Stored entries:
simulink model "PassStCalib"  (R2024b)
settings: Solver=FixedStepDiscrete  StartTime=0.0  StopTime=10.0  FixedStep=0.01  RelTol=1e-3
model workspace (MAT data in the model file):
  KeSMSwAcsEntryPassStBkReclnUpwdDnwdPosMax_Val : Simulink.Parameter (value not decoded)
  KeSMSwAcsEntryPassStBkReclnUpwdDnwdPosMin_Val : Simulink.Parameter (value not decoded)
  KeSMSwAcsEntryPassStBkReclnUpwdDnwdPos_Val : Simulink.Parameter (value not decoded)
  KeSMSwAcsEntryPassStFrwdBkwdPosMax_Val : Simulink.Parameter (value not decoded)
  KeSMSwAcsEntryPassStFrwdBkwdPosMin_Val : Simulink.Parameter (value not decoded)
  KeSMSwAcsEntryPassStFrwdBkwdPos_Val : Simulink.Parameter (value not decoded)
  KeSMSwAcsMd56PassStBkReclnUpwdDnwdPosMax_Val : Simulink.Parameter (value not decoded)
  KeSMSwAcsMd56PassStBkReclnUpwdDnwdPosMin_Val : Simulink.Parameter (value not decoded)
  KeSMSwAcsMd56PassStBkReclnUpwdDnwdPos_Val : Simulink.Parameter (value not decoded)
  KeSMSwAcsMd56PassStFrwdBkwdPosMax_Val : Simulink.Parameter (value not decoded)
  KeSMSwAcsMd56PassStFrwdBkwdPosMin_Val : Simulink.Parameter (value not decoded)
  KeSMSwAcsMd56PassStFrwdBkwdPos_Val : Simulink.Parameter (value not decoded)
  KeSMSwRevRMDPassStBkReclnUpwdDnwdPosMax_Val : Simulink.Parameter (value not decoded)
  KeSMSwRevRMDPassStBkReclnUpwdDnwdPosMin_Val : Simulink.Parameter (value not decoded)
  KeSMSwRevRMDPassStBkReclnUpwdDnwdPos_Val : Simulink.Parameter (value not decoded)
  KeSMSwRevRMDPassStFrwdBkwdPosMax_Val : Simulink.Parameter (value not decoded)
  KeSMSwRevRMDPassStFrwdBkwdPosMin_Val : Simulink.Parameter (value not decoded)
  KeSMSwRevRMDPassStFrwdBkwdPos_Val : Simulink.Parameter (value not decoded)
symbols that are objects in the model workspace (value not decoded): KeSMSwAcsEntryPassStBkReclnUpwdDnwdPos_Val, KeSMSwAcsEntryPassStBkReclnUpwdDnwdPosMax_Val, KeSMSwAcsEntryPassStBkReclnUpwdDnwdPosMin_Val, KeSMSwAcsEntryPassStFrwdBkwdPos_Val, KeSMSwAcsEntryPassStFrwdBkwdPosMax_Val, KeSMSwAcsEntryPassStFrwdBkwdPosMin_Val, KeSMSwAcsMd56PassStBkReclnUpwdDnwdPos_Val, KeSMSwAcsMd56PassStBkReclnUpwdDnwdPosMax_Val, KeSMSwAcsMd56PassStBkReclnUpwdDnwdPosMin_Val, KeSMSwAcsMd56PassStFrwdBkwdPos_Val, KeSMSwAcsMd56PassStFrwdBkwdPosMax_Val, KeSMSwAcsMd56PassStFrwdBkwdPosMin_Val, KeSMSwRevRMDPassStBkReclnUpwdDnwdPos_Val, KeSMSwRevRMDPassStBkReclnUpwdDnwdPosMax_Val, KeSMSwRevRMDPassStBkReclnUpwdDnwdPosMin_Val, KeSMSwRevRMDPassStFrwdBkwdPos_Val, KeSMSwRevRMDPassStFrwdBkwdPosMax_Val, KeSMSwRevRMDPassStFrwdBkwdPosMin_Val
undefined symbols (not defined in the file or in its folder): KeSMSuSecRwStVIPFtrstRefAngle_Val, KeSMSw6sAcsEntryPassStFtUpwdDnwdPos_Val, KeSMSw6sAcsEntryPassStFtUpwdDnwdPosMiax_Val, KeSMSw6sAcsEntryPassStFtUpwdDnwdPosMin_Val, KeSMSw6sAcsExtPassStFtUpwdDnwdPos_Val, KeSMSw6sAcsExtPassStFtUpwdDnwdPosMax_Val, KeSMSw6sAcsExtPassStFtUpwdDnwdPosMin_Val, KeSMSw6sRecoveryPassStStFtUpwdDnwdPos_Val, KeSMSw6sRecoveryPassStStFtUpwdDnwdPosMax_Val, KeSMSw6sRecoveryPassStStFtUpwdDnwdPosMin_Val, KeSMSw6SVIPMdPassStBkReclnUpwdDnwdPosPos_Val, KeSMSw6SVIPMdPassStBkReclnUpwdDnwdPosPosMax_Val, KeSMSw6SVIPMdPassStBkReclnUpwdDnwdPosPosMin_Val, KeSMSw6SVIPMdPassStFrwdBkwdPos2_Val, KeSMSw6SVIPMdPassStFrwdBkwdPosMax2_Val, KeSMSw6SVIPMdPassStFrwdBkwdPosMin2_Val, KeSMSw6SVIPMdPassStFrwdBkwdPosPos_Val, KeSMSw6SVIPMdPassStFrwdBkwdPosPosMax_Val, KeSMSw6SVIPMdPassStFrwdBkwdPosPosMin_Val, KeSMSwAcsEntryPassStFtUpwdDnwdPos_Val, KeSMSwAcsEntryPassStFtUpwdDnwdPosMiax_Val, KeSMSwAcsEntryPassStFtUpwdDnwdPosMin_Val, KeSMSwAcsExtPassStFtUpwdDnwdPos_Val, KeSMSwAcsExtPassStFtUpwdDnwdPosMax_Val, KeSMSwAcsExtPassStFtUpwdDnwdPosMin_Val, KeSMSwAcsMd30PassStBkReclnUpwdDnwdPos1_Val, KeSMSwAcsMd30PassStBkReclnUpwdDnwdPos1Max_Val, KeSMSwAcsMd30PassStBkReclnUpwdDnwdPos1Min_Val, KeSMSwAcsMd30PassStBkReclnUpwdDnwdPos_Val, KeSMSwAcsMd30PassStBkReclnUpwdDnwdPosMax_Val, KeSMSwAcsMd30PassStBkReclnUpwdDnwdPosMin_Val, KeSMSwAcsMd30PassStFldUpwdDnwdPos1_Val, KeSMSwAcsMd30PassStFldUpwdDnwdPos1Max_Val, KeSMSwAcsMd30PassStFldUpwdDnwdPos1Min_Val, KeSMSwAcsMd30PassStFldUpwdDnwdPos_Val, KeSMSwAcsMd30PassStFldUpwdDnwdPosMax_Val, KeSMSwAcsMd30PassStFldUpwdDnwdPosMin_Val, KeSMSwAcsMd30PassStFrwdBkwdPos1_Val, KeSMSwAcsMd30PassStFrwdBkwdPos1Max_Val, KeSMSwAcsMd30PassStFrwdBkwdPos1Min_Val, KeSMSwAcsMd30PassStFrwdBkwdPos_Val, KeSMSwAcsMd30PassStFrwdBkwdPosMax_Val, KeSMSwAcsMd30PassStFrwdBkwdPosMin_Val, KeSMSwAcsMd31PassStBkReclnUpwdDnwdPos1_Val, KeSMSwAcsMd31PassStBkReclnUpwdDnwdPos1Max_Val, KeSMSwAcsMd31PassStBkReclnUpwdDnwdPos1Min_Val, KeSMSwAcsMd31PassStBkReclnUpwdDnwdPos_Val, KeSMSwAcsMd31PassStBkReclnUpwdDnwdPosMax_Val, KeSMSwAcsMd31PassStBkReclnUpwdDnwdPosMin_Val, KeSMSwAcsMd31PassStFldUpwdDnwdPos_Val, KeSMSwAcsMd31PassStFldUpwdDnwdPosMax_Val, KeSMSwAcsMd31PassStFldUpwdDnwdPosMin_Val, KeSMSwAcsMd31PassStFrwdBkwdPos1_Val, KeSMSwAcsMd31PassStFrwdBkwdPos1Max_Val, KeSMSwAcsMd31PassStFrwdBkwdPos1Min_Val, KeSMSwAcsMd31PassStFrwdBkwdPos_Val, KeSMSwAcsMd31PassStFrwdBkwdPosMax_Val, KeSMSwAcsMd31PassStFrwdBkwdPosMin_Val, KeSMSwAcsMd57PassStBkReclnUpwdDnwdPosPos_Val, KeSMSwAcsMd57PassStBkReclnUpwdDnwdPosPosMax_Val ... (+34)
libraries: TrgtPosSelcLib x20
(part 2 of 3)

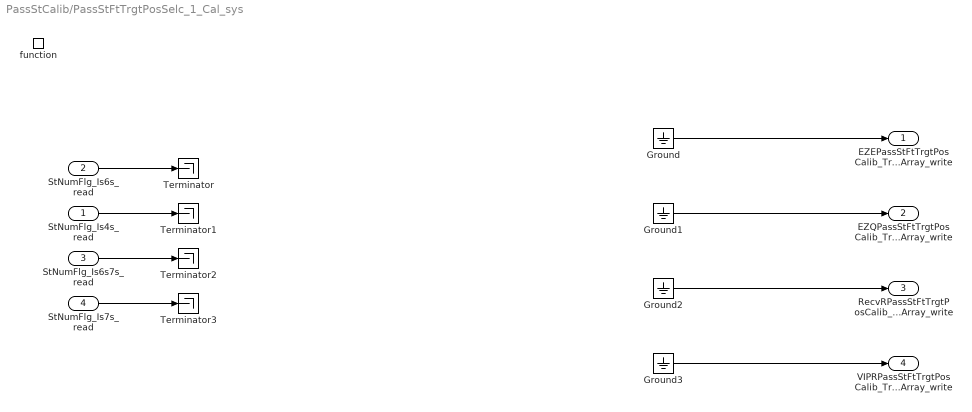
== system PassStCalib/PassStFtTrgtPosSelc_1_Cal_sys ==
  StNumFlg_Is4s_read : Inport
  StNumFlg_Is6s_read : Inport  Port=2
  StNumFlg_Is6s7s_read : Inport  Port=3
  StNumFlg_Is7s_read : Inport  Port=4
  function : TriggerPort  TriggerType=function-call  IsSimulinkFunction=on  FunctionName=PassStFtTrgtPosSelc_1_Cal  VariantControl=(inherit)
  Ground{,1..3} (4 alike) : Ground
  Terminator{,1..3} (4 alike) : Terminator
  EZEPassStFtTrgtPosCalib_TrgtPosArray_write : Outport  VectorParamsAs1DForOutWhenUnconnected=off
      settings: EnsureOutportIsVirtual=on
  EZQPassStFtTrgtPosCalib_TrgtPosArray_write : Outport  Port=2  VectorParamsAs1DForOutWhenUnconnected=off
      settings: EnsureOutportIsVirtual=on
  RecvRPassStFtTrgtPosCalib_TrgtPosArray_write : Outport  Port=3  VectorParamsAs1DForOutWhenUnconnected=off
      settings: EnsureOutportIsVirtual=on
  VIPRPassStFtTrgtPosCalib_TrgtPosArray_write : Outport  Port=4  VectorParamsAs1DForOutWhenUnconnected=off
      settings: EnsureOutportIsVirtual=on
  wires:
  Ground/1 -> EZEPassStFtTrgtPosCalib_TrgtPosArray_write/1
  Ground1/1 -> EZQPassStFtTrgtPosCalib_TrgtPosArray_write/1
  Ground3/1 -> VIPRPassStFtTrgtPosCalib_TrgtPosArray_write/1
  Ground2/1 -> RecvRPassStFtTrgtPosCalib_TrgtPosArray_write/1
  StNumFlg_Is6s_read/1 -> Terminator/1
  StNumFlg_Is4s_read/1 -> Terminator1/1
  StNumFlg_Is6s7s_read/1 -> Terminator2/1
  StNumFlg_Is7s_read/1 -> Terminator3/1

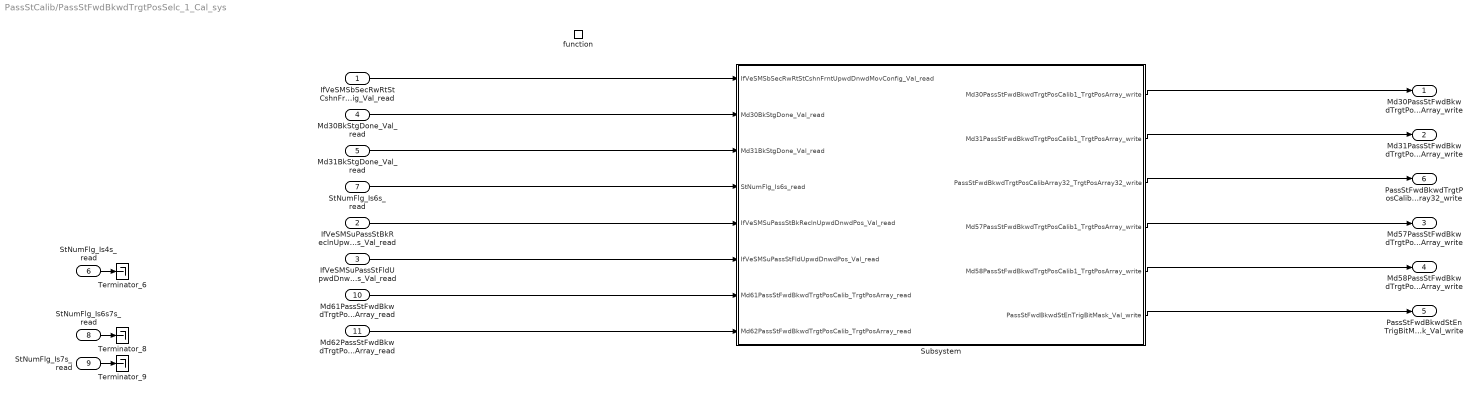
== system PassStCalib/PassStFwdBkwdTrgtPosSelc_1_Cal_sys ==
  IfVeSMSbSecRwRtStCshnFrntUpwdDnwdMovConfig_Val_read : Inport
  IfVeSMSuPassStBkReclnUpwdDnwdPos_Val_read : Inport  Port=2
  IfVeSMSuPassStFldUpwdDnwdPos_Val_read : Inport  Port=3
  Md30BkStgDone_Val_read : Inport  Port=4
  Md31BkStgDone_Val_read : Inport  Port=5
  StNumFlg_Is4s_read : Inport  Port=6
  StNumFlg_Is6s_read : Inport  Port=7
  StNumFlg_Is6s7s_read : Inport  Port=8
  StNumFlg_Is7s_read : Inport  Port=9
  Md61PassStFwdBkwdTrgtPosCalib_TrgtPosArray_read : Inport  Port=10
  Md62PassStFwdBkwdTrgtPosCalib_TrgtPosArray_read : Inport  Port=11
  function : TriggerPort  TriggerType=function-call  IsSimulinkFunction=on  FunctionName=PassStFwdBkwdTrgtPosSelc_1_Cal  VariantControl=(inherit)
  Subsystem : Subsystem
  Terminator_6 : Terminator
  Terminator_8 : Terminator
  Terminator_9 : Terminator
  Md30PassStFwdBkwdTrgtPosCalib1_TrgtPosArray_write : Outport  VectorParamsAs1DForOutWhenUnconnected=off
  Md31PassStFwdBkwdTrgtPosCalib1_TrgtPosArray_write : Outport  Port=2  VectorParamsAs1DForOutWhenUnconnected=off
  Md57PassStFwdBkwdTrgtPosCalib1_TrgtPosArray_write : Outport  Port=3  VectorParamsAs1DForOutWhenUnconnected=off
  Md58PassStFwdBkwdTrgtPosCalib1_TrgtPosArray_write : Outport  Port=4  VectorParamsAs1DForOutWhenUnconnected=off
  PassStFwdBkwdStEnTrigBitMask_Val_write : Outport  Port=5  VectorParamsAs1DForOutWhenUnconnected=off
  PassStFwdBkwdTrgtPosCalibArray32_TrgtPosArray32_write : Outport  Port=6  VectorParamsAs1DForOutWhenUnconnected=off
  wires:
  IfVeSMSbSecRwRtStCshnFrntUpwdDnwdMovConfig_Val_read/1 -> Subsystem/1(IfVeSMSbSecRwRtStCshnFrntUpwdDnwdMovConfig_Val_read)
  IfVeSMSuPassStFldUpwdDnwdPos_Val_read/1 -> Subsystem/6(IfVeSMSuPassStFldUpwdDnwdPos_Val_read)
  Md30BkStgDone_Val_read/1 -> Subsystem/2(Md30BkStgDone_Val_read)
  Md31BkStgDone_Val_read/1 -> Subsystem/3(Md31BkStgDone_Val_read)
  StNumFlg_Is4s_read/1 -> Terminator_6/1
  StNumFlg_Is6s_read/1 -> Subsystem/4(StNumFlg_Is6s_read)
  StNumFlg_Is6s7s_read/1 -> Terminator_8/1
  StNumFlg_Is7s_read/1 -> Terminator_9/1
  Subsystem/1(Md30PassStFwdBkwdTrgtPosCalib1_TrgtPosArray_write) -> Md30PassStFwdBkwdTrgtPosCalib1_TrgtPosArray_write/1
  Subsystem/3(PassStFwdBkwdTrgtPosCalibArray32_TrgtPosArray32_write) -> PassStFwdBkwdTrgtPosCalibArray32_TrgtPosArray32_write/1
  Subsystem/2(Md31PassStFwdBkwdTrgtPosCalib1_TrgtPosArray_write) -> Md31PassStFwdBkwdTrgtPosCalib1_TrgtPosArray_write/1
  Subsystem/4(Md57PassStFwdBkwdTrgtPosCalib1_TrgtPosArray_write) -> Md57PassStFwdBkwdTrgtPosCalib1_TrgtPosArray_write/1
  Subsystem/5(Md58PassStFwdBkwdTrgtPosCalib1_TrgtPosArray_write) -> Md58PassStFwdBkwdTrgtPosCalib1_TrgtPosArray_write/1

What is expected: In the entries above, find the line that contains "libraries: TrgtPosSelcLib x20" and the line that contains "RecvRPassStFtTrgtPosCalib_TrgtPosArray_write : Outport". Reproduce exactly those two lines and every line between them, but not the pictures.

Completed exercise:
libraries: TrgtPosSelcLib x20
(part 2 of 3)

== system PassStCalib/PassStFtTrgtPosSelc_1_Cal_sys ==
  StNumFlg_Is4s_read : Inport
  StNumFlg_Is6s_read : Inport  Port=2
  StNumFlg_Is6s7s_read : Inport  Port=3
  StNumFlg_Is7s_read : Inport  Port=4
  function : TriggerPort  TriggerType=function-call  IsSimulinkFunction=on  FunctionName=PassStFtTrgtPosSelc_1_Cal  VariantControl=(inherit)
  Ground{,1..3} (4 alike) : Ground
  Terminator{,1..3} (4 alike) : Terminator
  EZEPassStFtTrgtPosCalib_TrgtPosArray_write : Outport  VectorParamsAs1DForOutWhenUnconnected=off
      settings: EnsureOutportIsVirtual=on
  EZQPassStFtTrgtPosCalib_TrgtPosArray_write : Outport  Port=2  VectorParamsAs1DForOutWhenUnconnected=off
      settings: EnsureOutportIsVirtual=on
  RecvRPassStFtTrgtPosCalib_TrgtPosArray_write : Outport  Port=3  VectorParamsAs1DForOutWhenUnconnected=off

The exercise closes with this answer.